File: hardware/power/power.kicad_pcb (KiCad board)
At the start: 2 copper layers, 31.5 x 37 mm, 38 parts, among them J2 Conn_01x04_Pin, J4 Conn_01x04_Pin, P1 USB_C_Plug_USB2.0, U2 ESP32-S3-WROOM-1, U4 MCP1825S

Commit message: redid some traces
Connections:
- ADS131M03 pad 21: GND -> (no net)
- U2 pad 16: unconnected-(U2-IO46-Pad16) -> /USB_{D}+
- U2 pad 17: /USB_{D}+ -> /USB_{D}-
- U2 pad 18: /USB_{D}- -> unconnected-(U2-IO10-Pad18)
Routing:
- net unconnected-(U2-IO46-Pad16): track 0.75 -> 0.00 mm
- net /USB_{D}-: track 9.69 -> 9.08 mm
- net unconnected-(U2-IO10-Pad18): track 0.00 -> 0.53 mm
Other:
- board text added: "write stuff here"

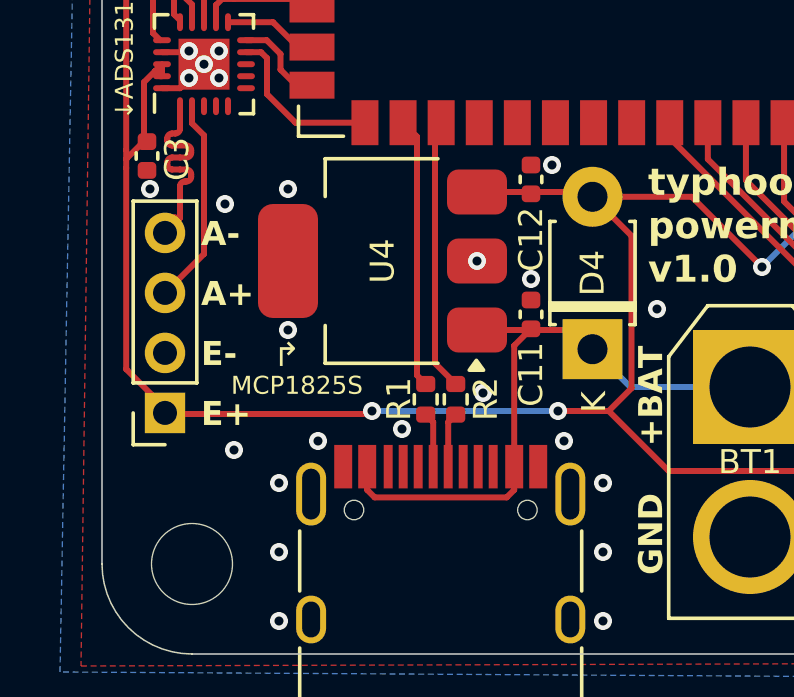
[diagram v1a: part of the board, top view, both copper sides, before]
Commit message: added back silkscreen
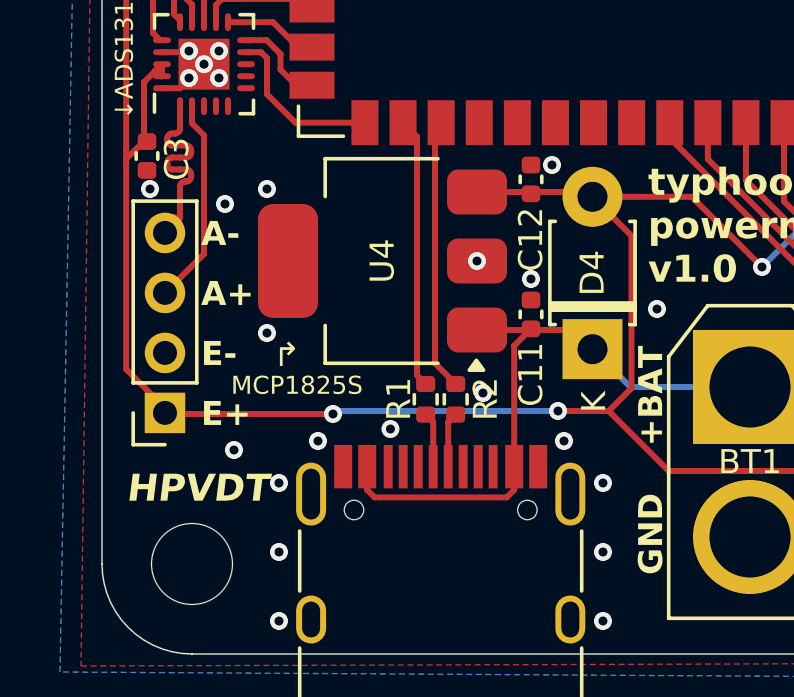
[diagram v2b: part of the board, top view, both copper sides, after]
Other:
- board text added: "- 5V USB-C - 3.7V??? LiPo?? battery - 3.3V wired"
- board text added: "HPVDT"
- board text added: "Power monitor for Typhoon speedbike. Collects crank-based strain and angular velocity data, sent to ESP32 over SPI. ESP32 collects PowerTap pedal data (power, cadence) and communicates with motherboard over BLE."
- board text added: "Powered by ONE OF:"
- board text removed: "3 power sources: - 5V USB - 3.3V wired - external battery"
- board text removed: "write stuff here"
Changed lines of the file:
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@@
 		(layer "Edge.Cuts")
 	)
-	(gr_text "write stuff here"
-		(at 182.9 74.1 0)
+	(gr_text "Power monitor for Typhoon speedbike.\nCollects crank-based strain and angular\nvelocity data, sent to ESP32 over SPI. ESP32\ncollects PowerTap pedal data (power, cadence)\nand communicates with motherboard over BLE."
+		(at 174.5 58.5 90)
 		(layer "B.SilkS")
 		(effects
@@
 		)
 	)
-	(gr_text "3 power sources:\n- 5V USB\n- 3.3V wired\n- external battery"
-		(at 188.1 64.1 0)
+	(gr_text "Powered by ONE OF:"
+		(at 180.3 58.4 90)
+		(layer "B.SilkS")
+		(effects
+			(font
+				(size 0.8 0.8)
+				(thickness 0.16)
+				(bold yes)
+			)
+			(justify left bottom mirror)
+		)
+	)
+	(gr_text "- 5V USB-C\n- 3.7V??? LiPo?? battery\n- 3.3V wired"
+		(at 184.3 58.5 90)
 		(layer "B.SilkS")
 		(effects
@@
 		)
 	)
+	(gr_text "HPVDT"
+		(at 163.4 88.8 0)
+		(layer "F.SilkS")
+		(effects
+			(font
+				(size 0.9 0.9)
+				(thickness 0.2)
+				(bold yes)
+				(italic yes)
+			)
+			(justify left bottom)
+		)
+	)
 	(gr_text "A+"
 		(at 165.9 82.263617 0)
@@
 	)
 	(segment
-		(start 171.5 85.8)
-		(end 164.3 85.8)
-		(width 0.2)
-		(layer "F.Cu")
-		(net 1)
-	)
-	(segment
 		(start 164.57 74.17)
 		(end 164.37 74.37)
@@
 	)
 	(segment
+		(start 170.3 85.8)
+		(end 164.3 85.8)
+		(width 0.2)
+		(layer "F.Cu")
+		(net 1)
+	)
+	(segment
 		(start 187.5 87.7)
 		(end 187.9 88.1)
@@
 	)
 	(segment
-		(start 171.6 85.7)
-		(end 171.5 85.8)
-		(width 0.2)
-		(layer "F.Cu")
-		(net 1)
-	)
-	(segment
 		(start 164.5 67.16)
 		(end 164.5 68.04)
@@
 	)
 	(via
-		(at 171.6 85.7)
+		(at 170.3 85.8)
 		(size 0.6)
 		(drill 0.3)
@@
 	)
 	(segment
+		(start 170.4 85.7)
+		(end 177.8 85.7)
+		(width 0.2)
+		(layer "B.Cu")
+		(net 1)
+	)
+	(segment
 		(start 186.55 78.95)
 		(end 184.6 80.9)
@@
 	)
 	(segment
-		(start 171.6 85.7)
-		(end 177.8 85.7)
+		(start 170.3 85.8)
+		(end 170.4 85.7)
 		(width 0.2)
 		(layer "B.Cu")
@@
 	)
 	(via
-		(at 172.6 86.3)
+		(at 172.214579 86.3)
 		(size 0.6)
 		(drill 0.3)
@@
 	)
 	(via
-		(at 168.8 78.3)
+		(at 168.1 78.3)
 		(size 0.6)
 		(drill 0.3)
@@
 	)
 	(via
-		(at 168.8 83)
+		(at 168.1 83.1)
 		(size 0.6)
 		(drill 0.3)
------------------------------
**TASK BRIEF:** Print the records above verbatim, minus any pictures.

**COMPLETED EXERCISE:**
File: hardware/power/power.kicad_pcb (KiCad board)
At the start: 2 copper layers, 31.5 x 37 mm, 38 parts, among them J2 Conn_01x04_Pin, J4 Conn_01x04_Pin, P1 USB_C_Plug_USB2.0, U2 ESP32-S3-WROOM-1, U4 MCP1825S

Commit message: redid some traces
Connections:
- ADS131M03 pad 21: GND -> (no net)
- U2 pad 16: unconnected-(U2-IO46-Pad16) -> /USB_{D}+
- U2 pad 17: /USB_{D}+ -> /USB_{D}-
- U2 pad 18: /USB_{D}- -> unconnected-(U2-IO10-Pad18)
Routing:
- net unconnected-(U2-IO46-Pad16): track 0.75 -> 0.00 mm
- net /USB_{D}-: track 9.69 -> 9.08 mm
- net unconnected-(U2-IO10-Pad18): track 0.00 -> 0.53 mm
Other:
- board text added: "write stuff here"

[diagram v1a: part of the board, top view, both copper sides, before]
Commit message: added back silkscreen
[diagram v2b: part of the board, top view, both copper sides, after]
Other:
- board text added: "- 5V USB-C - 3.7V??? LiPo?? battery - 3.3V wired"
- board text added: "HPVDT"
- board text added: "Power monitor for Typhoon speedbike. Collects crank-based strain and angular velocity data, sent to ESP32 over SPI. ESP32 collects PowerTap pedal data (power, cadence) and communicates with motherboard over BLE."
- board text added: "Powered by ONE OF:"
- board text removed: "3 power sources: - 5V USB - 3.3V wired - external battery"
- board text removed: "write stuff here"
Changed lines of the file:
@@
 		(layer "Edge.Cuts")
 	)
-	(gr_text "write stuff here"
-		(at 182.9 74.1 0)
+	(gr_text "Power monitor for Typhoon speedbike.\nCollects crank-based strain and angular\nvelocity data, sent to ESP32 over SPI. ESP32\ncollects PowerTap pedal data (power, cadence)\nand communicates with motherboard over BLE."
+		(at 174.5 58.5 90)
 		(layer "B.SilkS")
 		(effects
@@
 		)
 	)
-	(gr_text "3 power sources:\n- 5V USB\n- 3.3V wired\n- external battery"
-		(at 188.1 64.1 0)
+	(gr_text "Powered by ONE OF:"
+		(at 180.3 58.4 90)
+		(layer "B.SilkS")
+		(effects
+			(font
+				(size 0.8 0.8)
+				(thickness 0.16)
+				(bold yes)
+			)
+			(justify left bottom mirror)
+		)
+	)
+	(gr_text "- 5V USB-C\n- 3.7V??? LiPo?? battery\n- 3.3V wired"
+		(at 184.3 58.5 90)
 		(layer "B.SilkS")
 		(effects
@@
 		)
 	)
+	(gr_text "HPVDT"
+		(at 163.4 88.8 0)
+		(layer "F.SilkS")
+		(effects
+			(font
+				(size 0.9 0.9)
+				(thickness 0.2)
+				(bold yes)
+				(italic yes)
+			)
+			(justify left bottom)
+		)
+	)
 	(gr_text "A+"
 		(at 165.9 82.263617 0)
@@
 	)
 	(segment
-		(start 171.5 85.8)
-		(end 164.3 85.8)
-		(width 0.2)
-		(layer "F.Cu")
-		(net 1)
-	)
-	(segment
 		(start 164.57 74.17)
 		(end 164.37 74.37)
@@
 	)
 	(segment
+		(start 170.3 85.8)
+		(end 164.3 85.8)
+		(width 0.2)
+		(layer "F.Cu")
+		(net 1)
+	)
+	(segment
 		(start 187.5 87.7)
 		(end 187.9 88.1)
@@
 	)
 	(segment
-		(start 171.6 85.7)
-		(end 171.5 85.8)
-		(width 0.2)
-		(layer "F.Cu")
-		(net 1)
-	)
-	(segment
 		(start 164.5 67.16)
 		(end 164.5 68.04)
@@
 	)
 	(via
-		(at 171.6 85.7)
+		(at 170.3 85.8)
 		(size 0.6)
 		(drill 0.3)
@@
 	)
 	(segment
+		(start 170.4 85.7)
+		(end 177.8 85.7)
+		(width 0.2)
+		(layer "B.Cu")
+		(net 1)
+	)
+	(segment
 		(start 186.55 78.95)
 		(end 184.6 80.9)
@@
 	)
 	(segment
-		(start 171.6 85.7)
-		(end 177.8 85.7)
+		(start 170.3 85.8)
+		(end 170.4 85.7)
 		(width 0.2)
 		(layer "B.Cu")
@@
 	)
 	(via
-		(at 172.6 86.3)
+		(at 172.214579 86.3)
 		(size 0.6)
 		(drill 0.3)
@@
 	)
 	(via
-		(at 168.8 78.3)
+		(at 168.1 78.3)
 		(size 0.6)
 		(drill 0.3)
@@
 	)
 	(via
-		(at 168.8 83)
+		(at 168.1 83.1)
 		(size 0.6)
 		(drill 0.3)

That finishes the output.